But the youngster was not so easily shaken in his own opinion.

"There were a couple of 'em, not just such another, uncle. And they were white,--pure white as ever the Lord made a woman! And--why, didn't I see their hair, long and floating loose? And wasn't that yellow as--as gold, or the sunshine itself?"

"Yellow hair?"

"Yes, indeedy! Yellow hair, white skins,--faces, anyway. Blondes, the couple of 'em; and to that I'll make my davy!"

And so the youngster maintained with even more than usual sturdiness, when questioned more closely, pointing out the very spot upon which the strange beings were standing, the top of a large, tall building, clearly one of the series of temples.

In vain the field-glass was fixed upon that particular point. The partly roofed azotea was wholly devoid of human life, and though watch was maintained in that direction for many minutes thereafter, by one or other of the air-voyagers, naught was seen to confirm the assertion made by the younger Gillespie.

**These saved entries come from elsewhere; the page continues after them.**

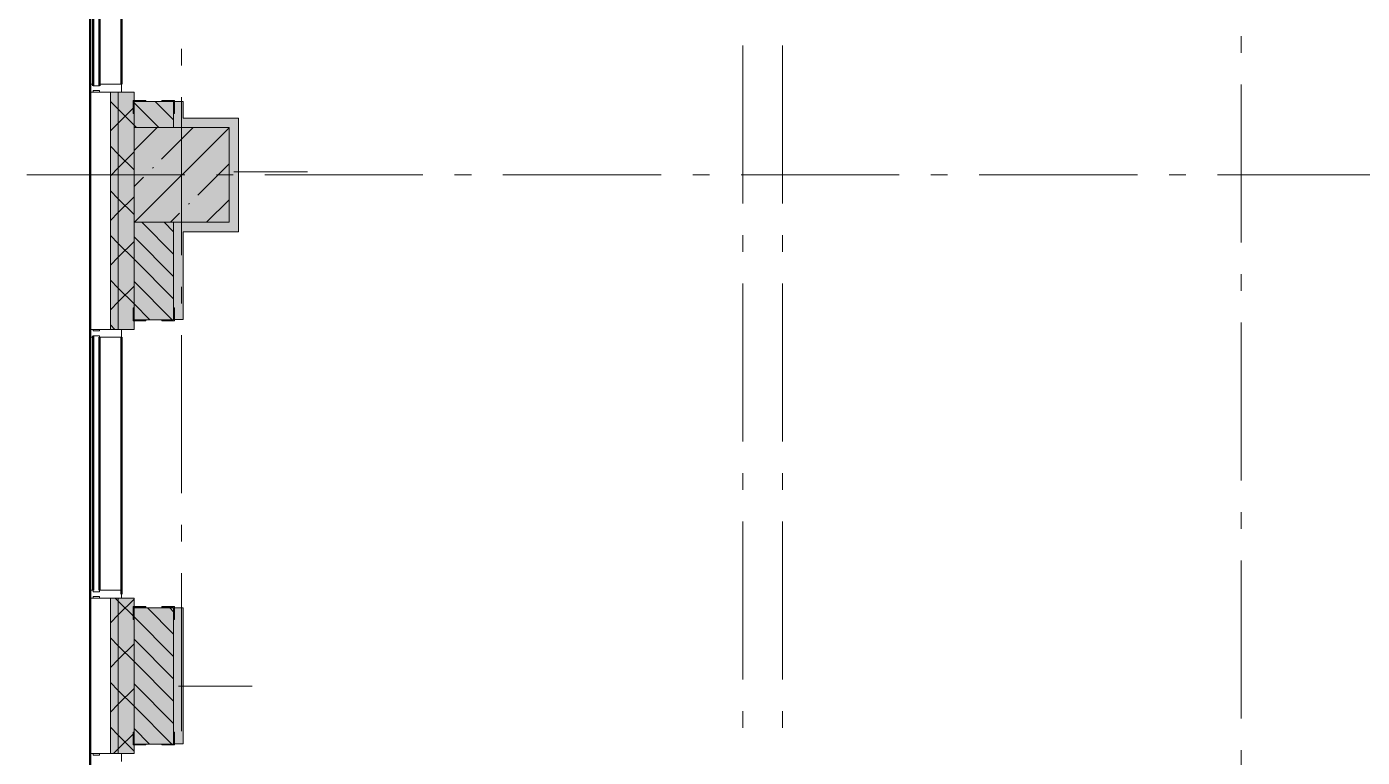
# Model space of a CAD drawing. Header units: millimetres. Extents: x -537608 to 253996, y -217170 to 186033.
# Drawn here: x -244455 to -236010, y 126337 to 130959 of the extents above; entities that cross this region are included whole.
import ezdxf

# ---------------------------------------------------------------- set-up
doc = ezdxf.new("R2010")
doc.units = ezdxf.units.MM
doc.layers.add('PDF _Геометрия', color=7, linetype='Continuous')
doc.layers.add('PDF _Сплошная заливка', color=7, linetype='Continuous', true_color=0xffffff)

msp = doc.modelspace()

# ---------------------------------------------------------------- hatches: boundary and pattern name
at = {"layer": 'PDF _Сплошная заливка', "transparency": 33554559}
h = msp.add_hatch(color=256, dxfattribs=at)
h.paths.add_polyline_path([(-243926.1896, 105571.263), (-243876.1894, 105571.263), (-243876.1894, 107006.2646), (-243926.1896, 107006.2646), (-243926.1896, 105671.2634)], flags=0)
h.paths.add_polyline_path([(-243926.1896, 108706.2625), (-243876.1894, 108706.2625), (-243876.1894, 109691.2625), (-243926.1896, 109691.2625), (-243926.1896, 109567.9133)], flags=0)
h.paths.add_polyline_path([(-243876.1894, 111391.2625), (-243876.1894, 112891.2619), (-243926.1896, 112891.2619), (-243926.1896, 111391.2625)], flags=0)
h.paths.add_polyline_path([(-243876.1894, 114591.2619), (-243876.1894, 115576.2619), (-243926.1896, 115576.2619), (-243926.1896, 114591.2619)], flags=0)
h.paths.add_polyline_path([(-243876.1894, 117276.2619), (-243876.1894, 118776.2613), (-243926.1896, 118776.2613), (-243926.1896, 117276.2619)], flags=0)
h.paths.add_polyline_path([(-243876.1894, 120476.2613), (-243876.1894, 121461.2613), (-243926.1896, 121461.2613), (-243926.1896, 120476.2613)], flags=0)
h.paths.add_polyline_path([(-243876.1894, 123161.2592), (-243876.1894, 124659.7601), (-243926.1896, 124659.7601), (-243926.1896, 123161.2592)], flags=0)
h.paths.add_polyline_path([(-243926.1896, 126359.7607), (-243876.1894, 126359.7607), (-243876.1894, 127344.0722), (-243926.1896, 127344.0722), (-243926.1896, 126558.6888)], flags=0)
h.paths.add_polyline_path([(-243926.1896, 129044.0723), (-243876.1894, 129044.0723), (-243876.1894, 130545.5711), (-243926.1896, 130545.5711), (-243926.1896, 129390.4846)], flags=0)
h.paths.add_polyline_path([(-243876.1894, 132245.5715), (-243876.1894, 133228.5708), (-243926.1896, 133228.5708), (-243926.1896, 132245.5715)], flags=0)
h.paths.add_polyline_path([(-243926.1896, 134928.5711), (-243876.1894, 134928.5711), (-243876.1894, 136371.2591), (-243926.1896, 136371.2591), (-243926.1896, 135054.0767)], flags=0)
h = msp.add_hatch(color=256, dxfattribs=at)
h.paths.add_polyline_path([(-243876.1894, 105671.2634), (-243776.189, 105671.2634), (-243776.189, 107006.2646), (-243876.1894, 107006.2646), (-243876.1894, 106271.2635)], flags=0)
h.paths.add_polyline_path([(-243776.189, 108706.2625), (-243776.189, 109691.2625), (-243876.1894, 109691.2625), (-243876.1894, 108706.2625)], flags=0)
h.paths.add_polyline_path([(-243876.1894, 111391.2625), (-243776.189, 111391.2625), (-243776.189, 112891.2619), (-243876.1894, 112891.2619), (-243876.1894, 111721.263)], flags=0)
h.paths.add_polyline_path([(-243876.1894, 114591.2619), (-243776.189, 114591.2619), (-243776.189, 115576.2619), (-243876.1894, 115576.2619), (-243876.1894, 115231.5051)], flags=0)
h.paths.add_polyline_path([(-243776.189, 117276.2619), (-243776.189, 118776.2613), (-243876.1894, 118776.2613), (-243876.1894, 117276.2619)], flags=0)
h.paths.add_polyline_path([(-243876.1894, 120476.2613), (-243776.189, 120476.2613), (-243776.189, 121461.2613), (-243876.1894, 121461.2613), (-243876.1894, 120895.0969)], flags=0)
h.paths.add_polyline_path([(-243776.189, 123161.2592), (-243776.189, 124659.7601), (-243876.1894, 124659.7601), (-243876.1894, 123161.2592)], flags=0)
h.paths.add_polyline_path([(-243876.1894, 126359.7607), (-243776.189, 126359.7607), (-243776.189, 127344.0722), (-243876.1894, 127344.0722), (-243876.1894, 126558.6888)], flags=0)
h.paths.add_polyline_path([(-243776.189, 129044.0723), (-243776.189, 130545.5711), (-243876.1894, 130545.5711), (-243876.1894, 129044.0723)], flags=0)
h.paths.add_polyline_path([(-243776.189, 132245.5715), (-243776.189, 133228.5708), (-243876.1894, 133228.5708), (-243876.1894, 132245.5715)], flags=0)
h.paths.add_polyline_path([(-243776.189, 134928.5711), (-243776.189, 136271.2587), (-243876.1894, 136271.2587), (-243876.1894, 134928.5711)], flags=0)
h = msp.add_hatch(color=256, dxfattribs=at)
h.paths.add_polyline_path([(-243526.1923, 129104.7598), (-243526.1923, 129721.2588), (-243776.189, 129721.2588), (-243776.189, 129104.7598)], flags=0)
h.paths.add_polyline_path([(-243722.447, 130321.2589), (-243526.1923, 130321.2589), (-243526.1923, 130485.5715), (-243776.189, 130485.5715), (-243776.189, 130321.2589)], flags=0)
at = {"layer": 'PDF _Сплошная заливка', "true_color": 0xff7d7d, "transparency": 33554559}
for points in [[(-243176.191, 130321.2589), (-243116.1925, 130321.2589), (-243116.1925, 130381.2585), (-243466.1895, 130381.2585), (-243466.1895, 130321.2589), (-243293.3633, 130321.2589)], [(-243526.1923, 129106.2588), (-243466.1895, 129106.2588), (-243466.1895, 129721.2588), (-243526.1923, 129721.2588), (-243526.1923, 129390.4846)]]:
    msp.add_hatch(color=11, dxfattribs=at).paths.add_polyline_path(points)
at = {"layer": 'PDF _Сплошная заливка', "transparency": 33554559}
msp.add_hatch(color=256, dxfattribs=at).paths.add_polyline_path([(-243776.189, 126420.4482), (-243526.1923, 126421.2593), (-243526.1923, 127281.2598), (-243776.189, 127281.2598), (-243776.189, 126558.6888)])

# ---------------------------------------------------------------- linework, layer by layer
at = {"layer": 'PDF _Геометрия', "lineweight": 50}
for p, q in [((-244053.1923, 134878.5709), (-244053.1923, 107056.2627)), ((-244036.1883, 132205.5715), (-244036.1883, 130585.572)), ((-243996.1907, 130585.572), (-243996.1907, 132205.5715)), ((-243856.1885, 130595.5714), (-243856.1885, 132195.5713)), ((-244036.1883, 127394.0724), (-244036.1883, 129004.0715)), ((-243996.1907, 128994.0721), (-243996.1907, 127394.0724)), ((-243856.1885, 127369.0723), (-243856.1885, 128994.0721))]:
    msp.add_line(p, q, dxfattribs=at)
at = {"layer": 'PDF _Геометрия', "color": 253, "lineweight": 9, "true_color": 0xaaaaaa}
for p, q in [((-239926.1914, 130840.7989), (-239926.1914, 129840.7997)), ((-239676.1904, 130840.7989), (-239676.1904, 129840.7997)), ((-236776.1922, 130899.5493), (-236776.1922, 130793.7152)), ((-243476.1921, 130818.335), (-243476.1921, 130712.5025)), ((-236776.1922, 130593.7152), (-236776.1922, 129593.716)), ((-243476.1921, 130512.5031), (-243476.1921, 129512.5025)), ((-243455.4549, 130021.2592), (-244455.4544, 130021.2592)), ((-243149.6236, 130021.2592), (-243255.4584, 130021.2592)), ((-241949.6232, 130021.2592), (-242949.6228, 130021.2592)), ((-241643.7919, 130021.2592), (-241749.6224, 130021.2592)), ((-240443.7916, 130021.2592), (-241443.7911, 130021.2592)), ((-240137.9581, 130021.2592), (-240243.7908, 130021.2592)), ((-238937.9577, 130021.2592), (-239937.9573, 130021.2592)), ((-238632.1242, 130021.2592), (-238737.9569, 130021.2592)), ((-237432.1239, 130021.2592), (-238432.1235, 130021.2592)), ((-237126.2904, 130021.2592), (-237232.1253, 130021.2592)), ((-235926.2923, 130021.2592), (-236926.2918, 130021.2592)), ((-239926.1914, 129640.7989), (-239926.1914, 129534.9664)), ((-239676.1904, 129640.7989), (-239676.1904, 129534.9664)), ((-236776.1922, 129393.7168), (-236776.1922, 129287.8824)), ((-243476.1921, 129312.5025), (-243476.1921, 129206.6687)), ((-239926.1914, 129334.9659), (-239926.1914, 128334.9658)), ((-239676.1904, 129334.9659), (-239676.1904, 128334.9658)), ((-236776.1922, 129087.8828), (-236776.1922, 128087.8832)), ((-243476.1921, 129006.669), (-243476.1921, 128006.6695)), ((-239926.1914, 128134.9661), (-239926.1914, 128029.1323)), ((-239676.1904, 128134.9661), (-239676.1904, 128029.1323)), ((-236776.1922, 127887.8824), (-236776.1922, 127782.0492)), ((-243476.1921, 127806.6698), (-243476.1921, 127700.836)), ((-239926.1914, 127829.1326), (-239926.1914, 126829.1331)), ((-239676.1904, 127829.1326), (-239676.1904, 126829.1331)), ((-236776.1922, 127582.05), (-236776.1922, 126582.0494)), ((-243476.1921, 127500.8357), (-243476.1921, 126500.8367)), ((-239926.1914, 126629.1328), (-239926.1914, 126523.3001)), ((-239676.1904, 126629.1328), (-239676.1904, 126523.3001)), ((-236776.1922, 126382.0491), (-236776.1922, 126276.2159))]:
    msp.add_line(p, q, dxfattribs=at)
at = {"layer": 'PDF _Геометрия', "lineweight": 9}
for p, q in [((-244036.1883, 130595.5714), (-244053.1923, 130595.5714)), ((-244053.1923, 130595.5714), (-244053.1923, 130545.5711)), ((-244036.1883, 130585.572), (-244036.1883, 130595.5714)), ((-243996.1907, 130585.572), (-244036.1883, 130585.572)), ((-243856.1885, 130595.5714), (-243996.1907, 130595.5714)), ((-243996.1907, 130595.5714), (-243996.1907, 130585.572)), ((-243856.1885, 130545.5711), (-243856.1885, 130595.5714)), ((-244053.1923, 130545.5711), (-244036.1883, 130545.5711)), ((-244053.1923, 130545.5711), (-244053.1923, 129044.0723)), ((-244051.1901, 130545.5711), (-244053.1923, 130545.5711)), ((-244051.1901, 129044.0723), (-244051.1901, 130545.5711)), ((-243926.1896, 130545.5711), (-244051.1901, 130545.5711)), ((-244036.1883, 130545.5711), (-244036.1883, 130555.5714)), ((-244036.1883, 130555.5714), (-243996.1907, 130555.5714)), ((-243996.1907, 130555.5714), (-243996.1907, 130545.5711)), ((-243996.1907, 130545.5711), (-243856.1885, 130545.5711)), ((-243926.1896, 129044.0723), (-243926.1896, 130545.5711)), ((-243876.1894, 130545.5711), (-243926.1896, 130545.5711)), ((-243876.1894, 130436.1336), (-243926.1896, 130486.1337)), ((-243876.1894, 129044.0723), (-243876.1894, 130545.5711)), ((-243776.189, 130545.5711), (-243876.1894, 130545.5711)), ((-243776.189, 130321.2589), (-243776.189, 130545.5711)), ((-243526.1923, 130485.5715), (-243776.189, 130485.5715)), ((-243776.189, 130485.5715), (-243776.189, 130321.2589)), ((-243526.1923, 130368.9762), (-243642.7877, 130485.5715)), ((-243466.1895, 130486.2594), (-243526.1923, 130486.2594)), ((-243526.1923, 130486.2594), (-243526.1923, 130321.2589)), ((-243526.1923, 130321.2589), (-243526.1923, 130485.5715)), ((-243466.1895, 130381.2585), (-243466.1895, 130486.2594)), ((-243876.1894, 130349.0915), (-243776.189, 130449.0919)), ((-243776.189, 130336.1331), (-243876.1894, 130436.1336)), ((-243619.8932, 130321.2589), (-243776.189, 130477.555)), ((-243926.1896, 130299.0914), (-243876.1894, 130349.0915)), ((-243761.3164, 130321.2589), (-243776.189, 130336.1331)), ((-243776.189, 130175.4418), (-243630.3738, 130321.2589)), ((-243776.189, 130321.2589), (-243776.189, 129721.2588)), ((-243176.191, 130321.2589), (-243776.189, 130321.2589)), ((-243774.1738, 129721.2588), (-243176.191, 130319.244)), ((-243602.4327, 130121.1015), (-243402.2727, 130321.2589)), ((-243116.1925, 130381.2585), (-243466.1895, 130381.2585)), ((-243176.191, 129721.2588), (-243176.191, 130321.2589)), ((-243116.1925, 130321.2589), (-243116.1925, 130381.2585)), ((-243116.1925, 129721.2588), (-243116.1925, 130321.2589)), ((-243876.1894, 130153.2912), (-243926.1896, 130203.29)), ((-243876.1894, 130066.2492), (-243776.189, 130166.2487)), ((-243776.189, 130053.2908), (-243876.1894, 130153.2912)), ((-243926.1896, 130016.249), (-243876.1894, 130066.2492)), ((-243659.4558, 130064.0768), (-243654.7151, 130068.8176)), ((-243374.3316, 129893.0023), (-243176.191, 130091.1462)), ((-243776.189, 129947.3426), (-243716.4833, 130007.0515)), ((-243146.1918, 130041.3056), (-242680.0386, 130041.3056)), ((-243876.1894, 129870.448), (-243926.1896, 129920.4481)), ((-243876.1894, 129783.4059), (-243776.189, 129883.4064)), ((-243776.189, 129770.4479), (-243876.1894, 129870.448)), ((-243431.359, 129835.9784), (-243426.6182, 129840.72)), ((-243317.9802, 129721.2588), (-243176.191, 129863.0469)), ((-243926.1896, 129733.4058), (-243876.1894, 129783.4059)), ((-243546.077, 129721.2588), (-243488.3822, 129778.9536)), ((-243776.189, 129721.2588), (-243176.191, 129721.2588)), ((-243776.189, 129044.0723), (-243776.189, 129721.2588)), ((-243776.189, 129721.2588), (-243776.189, 129104.7598)), ((-243526.1923, 129520.4477), (-243727.0026, 129721.2588)), ((-243526.1923, 129661.8701), (-243585.5794, 129721.2588)), ((-243526.1923, 129106.2588), (-243526.1923, 129721.2588)), ((-243526.1923, 129721.2588), (-243526.1923, 129106.2588)), ((-243466.1895, 129106.2588), (-243466.1895, 129661.2592)), ((-243466.1895, 129661.2592), (-243116.1925, 129661.2592)), ((-243116.1925, 129661.2592), (-243116.1925, 129721.2588)), ((-243876.1894, 129587.6059), (-243926.1896, 129637.6053)), ((-243876.1894, 129500.5641), (-243776.189, 129600.5634)), ((-243776.189, 129487.6054), (-243876.1894, 129587.6059)), ((-243526.1923, 129379.0267), (-243776.189, 129629.0266)), ((-243926.1896, 129450.5639), (-243876.1894, 129500.5641)), ((-243526.1923, 129237.6061), (-243776.189, 129487.6054)), ((-243876.1894, 129304.7626), (-243926.1896, 129354.7629)), ((-243876.1894, 129217.7215), (-243776.189, 129317.7218)), ((-243776.189, 129204.7623), (-243876.1894, 129304.7626)), ((-243534.7654, 129104.7598), (-243776.189, 129346.1844)), ((-243926.1896, 129167.7202), (-243876.1894, 129217.7215)), ((-243676.1886, 129104.7598), (-243776.189, 129204.7623)), ((-243898.3433, 129044.0723), (-243926.1896, 129071.9197)), ((-243776.189, 129104.7598), (-243526.1923, 129104.7598)), ((-243526.1923, 129104.7598), (-243526.1923, 129106.2588)), ((-243526.1923, 129106.2588), (-243466.1895, 129106.2588)), ((-244036.1883, 129044.0723), (-244053.1923, 129044.0723)), ((-244053.1923, 129044.0723), (-244053.1923, 128994.0721)), ((-244053.1923, 129044.0723), (-244051.1901, 129044.0723)), ((-244053.1923, 128994.0721), (-244036.1883, 128994.0721)), ((-244051.1901, 129044.0723), (-243926.1896, 129044.0723)), ((-244036.1883, 129034.0724), (-244036.1883, 129044.0723)), ((-243996.1907, 129034.0724), (-244036.1883, 129034.0724)), ((-244036.1883, 129004.0715), (-243996.1907, 129004.0715)), ((-244036.1883, 128994.0721), (-244036.1883, 129004.0715)), ((-243856.1885, 129044.0723), (-243996.1907, 129044.0723)), ((-243996.1907, 129044.0723), (-243996.1907, 129034.0724)), ((-243996.1907, 129004.0715), (-243996.1907, 128994.0721)), ((-243996.1907, 128994.0721), (-243856.1885, 128994.0721)), ((-243926.1896, 129044.0723), (-243876.1894, 129044.0723)), ((-243876.1894, 129044.0723), (-243776.189, 129044.0723)), ((-243856.1885, 128994.0721), (-243856.1885, 129044.0723)), ((-244036.1883, 127394.0724), (-244053.1923, 127394.0724)), ((-244053.1923, 127394.0724), (-244053.1923, 127344.0722)), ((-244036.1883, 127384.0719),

For the moment that fact or fancy dominated all other interests, for, granting that Waldo had not been misled by a naturally fair Indian face, there was room for a truly startling inference.

"Could it actually be they?" muttered Bruno, face pale and eyes glittering with intense interest. "Could they have escaped with life from the balloon, and been here ever since?"

"You mean--"

"The wife and child of Cooper Edgecombe,--yes! Who else could they be, unless--I'd give a pretty penny for one fair squint at them, right now! If there was only some method of--It would hardly do to venture down yonder, uncle Phaeton?"

The professor gave a stern gesture of denial, frowning as though he anticipated an actual break for yonder town, in spite of the odds against them.

"That would be madness, Bruno! Worse than madness, by far! Look at yonder warriors, all thoroughly armed, and eager to drink blood as ever they were in centuries gone by! They are hundreds, if not thousands, while we are but three! Madness, my boy!"

"Four, with Mr. Edgecombe, uncle."

"And that means a complete host so long as we are backed up by the air-ship," declared Waldo, in his turn. "Those fellows!" with a sniff of true boyish scorn for aught that was not fully up to date. "What could they do, if we were to open fire on them just once?"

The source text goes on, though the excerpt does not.